Ein kalter, nebliger Oktobertag kündigte sich bereits in der Früh des 22.10. an. Goldgelbe Blätter liegen über dem sonst so regen Biergarten am Prüfeninger Schloss. Ein Hauch von Winter und verfühte Adventsstimmung in der PRO.Tour 2015/2016.
IFORS-Präsident Lukas Graf begrüßte 18 Sportler im Ravernodrom. Der obligatorische Raverna stand bereit. Während der Begrüßungszeremonie konnte auch Alt-und Ehrenpräsident Johannes Zettel eine fast schon biblische Schuld begleichen. Er ehrte 4 Jahre nach seinem unentschuldbaren Fauxpas seine mittlerweile Ehefrau Verena Zettel als beste Frau der Saison 2012/2013 indem er ihr die Silberne Ehrennadel des Ravernsports überreichte.
Nicht mit am Start war der Tour-Führende Mustafa Abbas, der an diesem nasskalten Samstag durch eine andere Aktivität verhindert war.
Schon zu Beginn des Turniers wurde von allen Sportlern die Torgelqualität gelobt. Die Rückkehr zu den Bahndammtorgeln ermöglichte eine ungeheure Trefferquote. Bei den meisten. So startete Andreas Geim mit einem Hattrick von der Kurzdistanz und lies somit das Team der Schubkramento Kings in einen kollektiven Jubelrausch ausbrechen. Roland Kittel und Andres Hubero taten es dem King gleich. Dummerweise hatten die beiden Teams der Hattricker sich für eine andere Aufstellung entschieden.
Für den Hammer des ersten Durchgangs sorgte der schwach gestartete amtierende Weltmeister Thomas Hook. Mit null Punkten tritt der scheinbar kriselnde Weltmeister an die Langdistanz, nimmt Maß und legt den ersten und einzigartigen Langdistanz-Hattrick hin. Applaus hallt durch den Biergarten, der um diese Jahreszeit eher Stille gewohnt ist.
Die Torgel schepperten nur so in der Ravern. Bernhard Hengl von SEHT legte in seinem ersten Auftritt in der diesjährigen Tour einen faboulösen Auftritt hin und schob sich früh in die Spitzengruppe in der er den ganzen Tag verweilen sollte.
Einen flotten Torgel zauberte auch Franziskus Rupp, der zum Ende des ersten Durchgangs den Torgelgrad des „Gentleman“ erreichte (100 ertorgelte Punkte), aufs Ravernodrom. Lukas Graf torgelte sich mit 7 Punkten zurück in die Saison. Einen rabenschwarzen Tag erwischte der zuletzt wieder erstarkte Johannes Zettel. Bei ihm funktionierte von Anfang bis Ende einfach gar nichts und so fällt der bis dato stärkste Zündi (Manhattan Zündapps = Danubia United) wieder einmal ins graue Mittelfeld der Liga zurück.
Im zweiten Durchgang allerdings sollte dieses wunderschöne Ravernodrom Schauplatz weiterer historische Momente werden. Wieder war es Andreas Geim der mit einem Kurzdistanz-Hattrick den Trefferreigen eröffnete.

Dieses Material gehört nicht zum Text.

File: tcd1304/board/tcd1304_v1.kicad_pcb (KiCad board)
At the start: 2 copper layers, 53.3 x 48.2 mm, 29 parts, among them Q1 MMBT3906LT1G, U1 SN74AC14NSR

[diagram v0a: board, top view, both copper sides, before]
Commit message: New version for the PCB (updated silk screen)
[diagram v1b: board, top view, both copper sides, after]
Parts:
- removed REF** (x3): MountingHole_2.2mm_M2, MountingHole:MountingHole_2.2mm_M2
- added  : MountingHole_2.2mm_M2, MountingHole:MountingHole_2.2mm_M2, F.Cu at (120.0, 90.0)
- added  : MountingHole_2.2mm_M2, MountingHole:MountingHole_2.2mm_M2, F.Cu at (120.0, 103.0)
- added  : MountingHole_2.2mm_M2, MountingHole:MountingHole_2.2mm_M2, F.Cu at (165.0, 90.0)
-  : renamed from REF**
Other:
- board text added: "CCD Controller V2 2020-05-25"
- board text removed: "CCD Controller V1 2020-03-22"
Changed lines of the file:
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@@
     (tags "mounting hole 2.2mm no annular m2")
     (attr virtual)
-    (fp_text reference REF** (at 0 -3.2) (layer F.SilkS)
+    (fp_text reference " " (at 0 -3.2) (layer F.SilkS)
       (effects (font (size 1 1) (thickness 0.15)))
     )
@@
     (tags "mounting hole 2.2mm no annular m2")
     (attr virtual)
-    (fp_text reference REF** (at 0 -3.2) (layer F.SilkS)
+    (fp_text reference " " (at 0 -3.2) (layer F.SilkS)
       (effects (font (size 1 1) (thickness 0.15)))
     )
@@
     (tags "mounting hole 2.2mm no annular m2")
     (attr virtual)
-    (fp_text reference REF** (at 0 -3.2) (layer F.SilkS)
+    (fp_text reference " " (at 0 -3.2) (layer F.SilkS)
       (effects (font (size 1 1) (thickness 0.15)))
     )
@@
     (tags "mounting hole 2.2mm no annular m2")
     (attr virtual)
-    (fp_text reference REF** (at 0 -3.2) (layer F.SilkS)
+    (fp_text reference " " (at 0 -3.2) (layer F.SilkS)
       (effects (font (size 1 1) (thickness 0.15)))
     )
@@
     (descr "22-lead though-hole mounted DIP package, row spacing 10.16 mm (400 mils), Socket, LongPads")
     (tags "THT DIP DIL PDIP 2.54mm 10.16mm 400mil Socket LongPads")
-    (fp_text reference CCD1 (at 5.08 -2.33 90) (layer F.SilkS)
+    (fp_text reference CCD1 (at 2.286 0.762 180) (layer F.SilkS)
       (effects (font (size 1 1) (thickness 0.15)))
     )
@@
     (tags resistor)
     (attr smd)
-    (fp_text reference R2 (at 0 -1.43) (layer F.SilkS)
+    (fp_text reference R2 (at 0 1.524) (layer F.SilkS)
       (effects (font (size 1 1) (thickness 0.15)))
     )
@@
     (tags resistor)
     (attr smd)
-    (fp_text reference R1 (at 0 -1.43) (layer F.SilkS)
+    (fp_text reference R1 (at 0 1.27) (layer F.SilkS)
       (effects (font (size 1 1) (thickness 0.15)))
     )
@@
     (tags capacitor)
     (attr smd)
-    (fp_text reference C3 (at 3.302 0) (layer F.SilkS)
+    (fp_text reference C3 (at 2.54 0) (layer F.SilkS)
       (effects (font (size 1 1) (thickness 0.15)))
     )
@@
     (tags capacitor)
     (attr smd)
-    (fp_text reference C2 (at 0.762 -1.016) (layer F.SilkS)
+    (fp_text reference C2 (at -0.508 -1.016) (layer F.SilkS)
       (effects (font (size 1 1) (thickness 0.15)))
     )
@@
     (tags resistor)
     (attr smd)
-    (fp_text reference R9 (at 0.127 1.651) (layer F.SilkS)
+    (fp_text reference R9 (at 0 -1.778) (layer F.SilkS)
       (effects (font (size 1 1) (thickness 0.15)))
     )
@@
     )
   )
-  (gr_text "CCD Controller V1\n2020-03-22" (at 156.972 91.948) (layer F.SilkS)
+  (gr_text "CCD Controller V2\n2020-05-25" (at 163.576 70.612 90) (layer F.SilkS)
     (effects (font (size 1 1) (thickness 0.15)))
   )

Wieder waren es drei ganz wichtige Teampunkte für die Schubkramento Kings die sich anschickten die Tabellenführung in der Team-Tour zu übernehmen.
In der Mitteldistanz dann der Furiose Auftritt von Sebastian Teufel. Der Mitteldistanz-Hattrick bedeutete für den Ravernsport ein Novum. Erstmals gab es in einem einzigen Turnier Hattricks von jeder Distanz. Sebastian Teufel, der bis dahin nur magere zwei Pünktchen ertorgelt hatte schob sich ins Tabellenmittelfeld.
Der starke Rückkehrer Matthias Dettenhofer zog mit zwei Treffern von der Langdistanz mit dem Führungsduo Hengl und Hook gleich. Und somit sollte die Entscheidung in den Bonuswürfen unter dem neuen Führungstrio fallen.
Jedoch weit gefehlt. Roland Kittel geht aus einer Mittelfeldposition heraus mit 6 Punkten an die Ultradistanz und versenkt unter tosendem Applaus den Torgel in der Ravern. Plötzlich steht auch Kittel an der Führungsposition. Die Schmeiss Ei High Towers ärgern sich, dass dieser Treffer nicht als Teamwurf herangezogen wurde.
Dies nahm sich sein Teamkollege wohl zu Herzen. Sebastian Teufel, dessen Glücksbringer und Mutter noch rechtzeitig mit Radl und Hund das Ravernodrom erreichte, zelebriert den letzten Wurf in seiner ihm ganz eigenen Art. Er schien sich sicher zu sein als er selbstbewusst diesen Versuch als Teamwurf anmeldete. Als der Torgel durch die Luft fliegt, scheint es als ob die Zuschauer, die Sportler ja als ob die gesamte Erde stillstehen. Einzig ein einsames lang gezogenes „Ziiiiiieh“ aus den Reihen der Sportler hallt durch den bizarr leeren Biergarten. Dann der Einschlag. Der Rest ist Geschichte. Der Sieger des heiss diskutierten Sinzinger Turniers zeigt es seinen Kritikern und holt damit zeitgleich den Titel zurück auf die Prüfeninger Seite, der im Vorjahr von einem Sinzinger entführt wurde.
Dieses Turnier wird in die Geschichte des Ravernsports eingehen. Wie bereits erwähnt waren es die Hattricks auf den einzelnen Distanzen, aber auch die beiden aufeinander folgenden Ultradistanz-Treffer, die dieses Turnier unvergessen machen werden.
Eine unfassbare Ausbeute der Teams lässt die Team-Tour ebenso spannend weitergehen. Ein rundum gelungener Nachmittag. Ein Fest für den Ravernsport, der nach einem solch aufregenden Turnier gelechzt hat. Die Vorfreude auf das letzte Turnier der Saison im weihnachtlichen Regensburg ist somit definitv geweckt.
Ein Hoch auf den Ravernsport, der uns alle immer ein Stück näher zusammenbringt!
Frisch! Frei! Ravern!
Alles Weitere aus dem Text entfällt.